_What you will do_
Could you repeat, exactly and with no pictures, only the lines from the start of the records through the line containing "#1=APPLICATION_CONTEXT('core data for"?

_Supplied material_
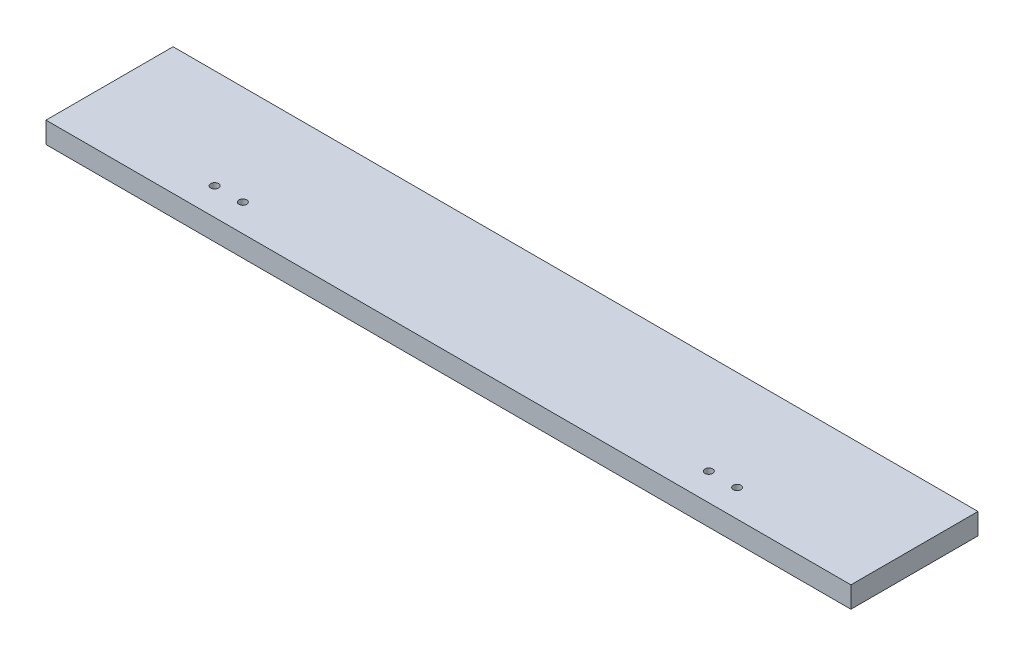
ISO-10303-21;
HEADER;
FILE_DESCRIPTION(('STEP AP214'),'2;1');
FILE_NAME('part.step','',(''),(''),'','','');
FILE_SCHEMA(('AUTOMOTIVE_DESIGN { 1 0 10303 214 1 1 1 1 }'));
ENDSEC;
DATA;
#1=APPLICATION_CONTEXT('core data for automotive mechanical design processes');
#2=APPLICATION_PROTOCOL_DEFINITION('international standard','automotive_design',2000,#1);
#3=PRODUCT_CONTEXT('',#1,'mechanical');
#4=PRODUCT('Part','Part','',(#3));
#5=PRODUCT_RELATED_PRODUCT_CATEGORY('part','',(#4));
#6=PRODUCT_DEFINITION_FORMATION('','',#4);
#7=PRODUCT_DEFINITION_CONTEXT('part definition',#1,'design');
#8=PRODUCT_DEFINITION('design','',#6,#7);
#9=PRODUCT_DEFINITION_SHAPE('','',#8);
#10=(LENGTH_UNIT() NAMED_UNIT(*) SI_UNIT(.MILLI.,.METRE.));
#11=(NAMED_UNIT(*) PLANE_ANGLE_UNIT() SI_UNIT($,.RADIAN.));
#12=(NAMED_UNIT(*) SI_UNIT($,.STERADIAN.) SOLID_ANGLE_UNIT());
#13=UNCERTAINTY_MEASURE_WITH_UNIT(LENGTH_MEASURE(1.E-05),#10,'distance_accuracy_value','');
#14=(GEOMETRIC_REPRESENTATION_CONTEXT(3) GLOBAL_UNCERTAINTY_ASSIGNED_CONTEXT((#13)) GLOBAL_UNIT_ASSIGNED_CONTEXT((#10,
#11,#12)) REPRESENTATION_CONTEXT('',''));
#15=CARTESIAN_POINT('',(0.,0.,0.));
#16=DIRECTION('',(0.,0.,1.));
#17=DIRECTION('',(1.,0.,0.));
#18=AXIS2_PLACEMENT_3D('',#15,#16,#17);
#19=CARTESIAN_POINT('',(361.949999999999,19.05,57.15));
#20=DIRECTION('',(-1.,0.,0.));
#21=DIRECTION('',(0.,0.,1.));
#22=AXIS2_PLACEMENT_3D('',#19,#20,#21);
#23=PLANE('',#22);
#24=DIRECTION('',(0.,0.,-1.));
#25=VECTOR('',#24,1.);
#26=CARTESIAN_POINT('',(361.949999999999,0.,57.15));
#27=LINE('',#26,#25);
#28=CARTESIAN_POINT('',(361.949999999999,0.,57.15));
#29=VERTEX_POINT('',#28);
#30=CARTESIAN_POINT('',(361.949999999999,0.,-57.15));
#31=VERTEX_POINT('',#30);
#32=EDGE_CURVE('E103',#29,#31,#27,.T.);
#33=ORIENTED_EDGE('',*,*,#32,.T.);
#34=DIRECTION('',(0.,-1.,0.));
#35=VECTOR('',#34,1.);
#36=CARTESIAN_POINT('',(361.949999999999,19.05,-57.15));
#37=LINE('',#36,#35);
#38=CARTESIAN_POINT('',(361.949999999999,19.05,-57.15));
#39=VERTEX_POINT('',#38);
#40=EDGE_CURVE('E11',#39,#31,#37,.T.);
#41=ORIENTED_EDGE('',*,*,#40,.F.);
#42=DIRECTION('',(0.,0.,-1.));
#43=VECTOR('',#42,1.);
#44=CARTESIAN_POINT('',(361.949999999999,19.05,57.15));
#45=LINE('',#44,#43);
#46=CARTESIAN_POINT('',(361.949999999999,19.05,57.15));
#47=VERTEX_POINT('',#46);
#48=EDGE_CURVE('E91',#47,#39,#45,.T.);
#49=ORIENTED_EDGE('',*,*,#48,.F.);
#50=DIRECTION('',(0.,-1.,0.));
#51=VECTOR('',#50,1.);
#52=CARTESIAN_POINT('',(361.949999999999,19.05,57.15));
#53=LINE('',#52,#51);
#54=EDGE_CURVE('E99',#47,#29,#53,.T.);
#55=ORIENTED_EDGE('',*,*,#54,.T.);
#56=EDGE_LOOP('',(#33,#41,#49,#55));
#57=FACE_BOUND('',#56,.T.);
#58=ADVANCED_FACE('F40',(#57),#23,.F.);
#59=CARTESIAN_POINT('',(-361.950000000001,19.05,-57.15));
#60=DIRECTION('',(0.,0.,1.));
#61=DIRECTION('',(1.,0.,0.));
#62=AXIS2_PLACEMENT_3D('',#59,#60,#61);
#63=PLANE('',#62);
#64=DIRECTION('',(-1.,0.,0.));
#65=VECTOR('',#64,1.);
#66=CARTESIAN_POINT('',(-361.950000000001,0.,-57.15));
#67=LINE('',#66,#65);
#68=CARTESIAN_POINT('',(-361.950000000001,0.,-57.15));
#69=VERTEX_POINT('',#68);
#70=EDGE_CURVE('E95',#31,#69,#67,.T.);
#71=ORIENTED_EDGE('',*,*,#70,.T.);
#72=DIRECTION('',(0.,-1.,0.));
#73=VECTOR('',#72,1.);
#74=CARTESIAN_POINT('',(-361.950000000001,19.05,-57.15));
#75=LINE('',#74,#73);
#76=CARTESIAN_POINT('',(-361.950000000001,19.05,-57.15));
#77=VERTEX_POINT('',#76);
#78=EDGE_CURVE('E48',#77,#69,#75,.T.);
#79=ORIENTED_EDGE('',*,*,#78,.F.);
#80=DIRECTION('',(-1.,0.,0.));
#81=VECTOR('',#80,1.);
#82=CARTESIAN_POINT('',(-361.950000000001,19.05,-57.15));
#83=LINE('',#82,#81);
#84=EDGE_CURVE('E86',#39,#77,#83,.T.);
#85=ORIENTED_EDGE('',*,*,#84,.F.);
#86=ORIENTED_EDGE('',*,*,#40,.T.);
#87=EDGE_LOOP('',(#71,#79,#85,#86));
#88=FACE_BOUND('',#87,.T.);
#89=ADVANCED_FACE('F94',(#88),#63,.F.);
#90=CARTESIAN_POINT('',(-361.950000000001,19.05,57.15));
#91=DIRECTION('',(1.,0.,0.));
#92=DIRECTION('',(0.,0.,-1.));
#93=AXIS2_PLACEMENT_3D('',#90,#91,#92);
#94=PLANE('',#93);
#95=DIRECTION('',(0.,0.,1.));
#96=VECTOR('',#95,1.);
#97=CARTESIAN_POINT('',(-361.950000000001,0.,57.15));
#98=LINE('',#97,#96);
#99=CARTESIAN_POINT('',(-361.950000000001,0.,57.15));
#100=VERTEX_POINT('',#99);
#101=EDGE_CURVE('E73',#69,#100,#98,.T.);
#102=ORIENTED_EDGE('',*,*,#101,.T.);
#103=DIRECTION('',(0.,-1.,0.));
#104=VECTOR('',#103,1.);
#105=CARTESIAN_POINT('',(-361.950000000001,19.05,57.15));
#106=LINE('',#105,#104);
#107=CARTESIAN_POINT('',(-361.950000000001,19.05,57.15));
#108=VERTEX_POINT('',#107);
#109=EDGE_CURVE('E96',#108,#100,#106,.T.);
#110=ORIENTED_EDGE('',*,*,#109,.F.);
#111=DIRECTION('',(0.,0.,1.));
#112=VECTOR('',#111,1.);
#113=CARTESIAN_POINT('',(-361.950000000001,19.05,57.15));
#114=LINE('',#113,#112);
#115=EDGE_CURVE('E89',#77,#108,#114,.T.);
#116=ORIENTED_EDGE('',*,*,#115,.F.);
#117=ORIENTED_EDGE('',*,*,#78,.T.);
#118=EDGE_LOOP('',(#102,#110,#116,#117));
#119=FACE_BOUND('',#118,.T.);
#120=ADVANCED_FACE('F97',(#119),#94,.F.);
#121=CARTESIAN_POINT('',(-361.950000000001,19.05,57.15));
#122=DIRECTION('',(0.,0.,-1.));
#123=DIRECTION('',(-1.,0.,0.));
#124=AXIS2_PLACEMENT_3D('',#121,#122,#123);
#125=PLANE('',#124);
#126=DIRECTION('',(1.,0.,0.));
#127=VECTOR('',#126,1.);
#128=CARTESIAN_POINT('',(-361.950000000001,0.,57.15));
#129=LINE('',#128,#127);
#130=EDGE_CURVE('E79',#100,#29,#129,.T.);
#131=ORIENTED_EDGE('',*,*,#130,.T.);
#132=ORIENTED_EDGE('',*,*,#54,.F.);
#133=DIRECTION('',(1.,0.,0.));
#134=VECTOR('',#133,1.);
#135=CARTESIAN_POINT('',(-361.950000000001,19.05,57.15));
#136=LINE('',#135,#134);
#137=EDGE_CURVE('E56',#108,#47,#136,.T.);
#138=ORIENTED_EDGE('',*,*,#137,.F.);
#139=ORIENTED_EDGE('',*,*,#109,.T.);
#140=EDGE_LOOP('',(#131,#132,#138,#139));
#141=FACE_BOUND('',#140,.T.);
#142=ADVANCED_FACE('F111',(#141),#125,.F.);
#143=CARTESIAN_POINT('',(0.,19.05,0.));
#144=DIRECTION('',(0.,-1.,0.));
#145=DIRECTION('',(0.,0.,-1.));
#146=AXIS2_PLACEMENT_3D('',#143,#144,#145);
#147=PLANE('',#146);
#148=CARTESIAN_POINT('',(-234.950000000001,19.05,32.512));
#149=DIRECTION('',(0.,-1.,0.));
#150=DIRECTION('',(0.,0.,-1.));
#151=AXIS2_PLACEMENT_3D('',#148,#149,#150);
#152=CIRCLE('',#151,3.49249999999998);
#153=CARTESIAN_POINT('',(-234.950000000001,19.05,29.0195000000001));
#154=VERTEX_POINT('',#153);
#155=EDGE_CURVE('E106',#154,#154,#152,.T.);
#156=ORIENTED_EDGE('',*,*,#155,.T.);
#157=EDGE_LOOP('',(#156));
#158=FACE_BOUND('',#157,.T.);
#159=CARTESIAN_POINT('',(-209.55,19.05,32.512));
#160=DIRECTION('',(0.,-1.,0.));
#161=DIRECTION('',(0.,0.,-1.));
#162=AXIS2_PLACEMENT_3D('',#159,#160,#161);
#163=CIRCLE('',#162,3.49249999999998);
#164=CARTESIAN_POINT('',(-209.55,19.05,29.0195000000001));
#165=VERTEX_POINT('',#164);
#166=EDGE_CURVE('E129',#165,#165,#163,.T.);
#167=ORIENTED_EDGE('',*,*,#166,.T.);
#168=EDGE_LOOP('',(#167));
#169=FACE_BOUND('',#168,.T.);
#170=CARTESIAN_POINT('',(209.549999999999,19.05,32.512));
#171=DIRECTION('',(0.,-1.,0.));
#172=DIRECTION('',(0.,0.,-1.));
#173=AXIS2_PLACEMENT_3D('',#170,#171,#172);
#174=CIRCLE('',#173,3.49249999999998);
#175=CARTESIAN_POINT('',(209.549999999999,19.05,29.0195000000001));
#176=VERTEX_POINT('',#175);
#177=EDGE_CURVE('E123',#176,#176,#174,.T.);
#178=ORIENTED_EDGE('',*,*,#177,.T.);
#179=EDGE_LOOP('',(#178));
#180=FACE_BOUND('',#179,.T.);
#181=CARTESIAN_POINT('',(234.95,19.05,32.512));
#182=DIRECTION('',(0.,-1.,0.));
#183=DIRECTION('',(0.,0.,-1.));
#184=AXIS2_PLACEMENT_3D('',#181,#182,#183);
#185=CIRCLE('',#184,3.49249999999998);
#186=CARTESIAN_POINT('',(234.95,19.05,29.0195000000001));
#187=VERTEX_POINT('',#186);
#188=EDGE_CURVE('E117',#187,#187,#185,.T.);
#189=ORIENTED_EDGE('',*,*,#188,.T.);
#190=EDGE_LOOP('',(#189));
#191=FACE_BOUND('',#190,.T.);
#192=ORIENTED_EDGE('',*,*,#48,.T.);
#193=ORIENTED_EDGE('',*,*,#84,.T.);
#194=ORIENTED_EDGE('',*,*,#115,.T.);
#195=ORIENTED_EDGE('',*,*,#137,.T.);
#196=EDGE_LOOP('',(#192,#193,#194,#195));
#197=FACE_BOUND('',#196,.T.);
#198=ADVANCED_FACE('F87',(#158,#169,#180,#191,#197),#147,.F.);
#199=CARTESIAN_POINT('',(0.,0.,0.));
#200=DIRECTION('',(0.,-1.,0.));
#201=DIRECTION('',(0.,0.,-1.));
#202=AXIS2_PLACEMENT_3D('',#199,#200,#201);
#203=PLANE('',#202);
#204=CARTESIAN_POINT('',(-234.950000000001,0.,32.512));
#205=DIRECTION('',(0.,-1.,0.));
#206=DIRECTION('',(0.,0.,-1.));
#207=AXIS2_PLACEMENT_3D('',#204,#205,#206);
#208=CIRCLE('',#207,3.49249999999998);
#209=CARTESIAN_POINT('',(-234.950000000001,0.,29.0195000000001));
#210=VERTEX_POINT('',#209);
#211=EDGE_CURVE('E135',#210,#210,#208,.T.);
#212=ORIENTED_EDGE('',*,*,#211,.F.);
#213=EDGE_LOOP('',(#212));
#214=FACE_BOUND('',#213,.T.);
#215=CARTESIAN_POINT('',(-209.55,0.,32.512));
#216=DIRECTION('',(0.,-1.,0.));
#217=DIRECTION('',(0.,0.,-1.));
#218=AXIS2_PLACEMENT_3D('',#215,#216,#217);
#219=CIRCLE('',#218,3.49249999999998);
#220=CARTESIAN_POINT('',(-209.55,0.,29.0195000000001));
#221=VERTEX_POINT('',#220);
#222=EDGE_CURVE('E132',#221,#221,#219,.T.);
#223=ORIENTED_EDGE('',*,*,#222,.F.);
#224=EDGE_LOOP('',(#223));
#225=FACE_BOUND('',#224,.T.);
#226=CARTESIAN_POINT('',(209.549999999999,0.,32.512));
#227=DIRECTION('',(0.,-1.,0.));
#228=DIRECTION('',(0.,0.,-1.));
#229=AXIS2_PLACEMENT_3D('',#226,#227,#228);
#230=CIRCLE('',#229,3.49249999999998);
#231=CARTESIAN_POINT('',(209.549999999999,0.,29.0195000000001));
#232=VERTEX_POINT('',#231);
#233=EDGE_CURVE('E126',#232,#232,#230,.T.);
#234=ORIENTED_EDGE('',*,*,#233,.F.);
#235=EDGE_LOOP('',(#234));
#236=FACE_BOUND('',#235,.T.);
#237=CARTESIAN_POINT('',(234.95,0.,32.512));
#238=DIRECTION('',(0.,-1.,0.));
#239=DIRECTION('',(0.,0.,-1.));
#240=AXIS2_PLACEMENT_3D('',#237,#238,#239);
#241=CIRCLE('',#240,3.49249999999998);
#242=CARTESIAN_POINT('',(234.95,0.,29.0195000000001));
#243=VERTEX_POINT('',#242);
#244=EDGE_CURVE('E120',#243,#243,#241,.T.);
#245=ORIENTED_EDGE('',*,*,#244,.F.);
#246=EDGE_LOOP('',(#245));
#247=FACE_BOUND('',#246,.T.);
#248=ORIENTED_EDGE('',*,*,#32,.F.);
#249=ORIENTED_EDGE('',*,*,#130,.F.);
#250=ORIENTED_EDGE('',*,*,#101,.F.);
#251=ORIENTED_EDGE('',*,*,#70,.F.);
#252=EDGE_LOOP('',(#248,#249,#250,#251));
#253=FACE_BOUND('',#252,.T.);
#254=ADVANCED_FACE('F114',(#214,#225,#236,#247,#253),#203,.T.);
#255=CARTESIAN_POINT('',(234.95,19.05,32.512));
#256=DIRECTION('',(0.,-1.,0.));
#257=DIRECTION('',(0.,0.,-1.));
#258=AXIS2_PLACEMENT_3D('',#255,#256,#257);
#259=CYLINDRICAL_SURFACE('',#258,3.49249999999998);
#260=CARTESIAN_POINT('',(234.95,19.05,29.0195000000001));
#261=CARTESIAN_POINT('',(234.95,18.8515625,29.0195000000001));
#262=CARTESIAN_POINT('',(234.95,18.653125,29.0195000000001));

_Response_
ISO-10303-21;
HEADER;
FILE_DESCRIPTION(('STEP AP214'),'2;1');
FILE_NAME('part.step','',(''),(''),'','','');
FILE_SCHEMA(('AUTOMOTIVE_DESIGN { 1 0 10303 214 1 1 1 1 }'));
ENDSEC;
DATA;
#1=APPLICATION_CONTEXT('core data for automotive mechanical design processes');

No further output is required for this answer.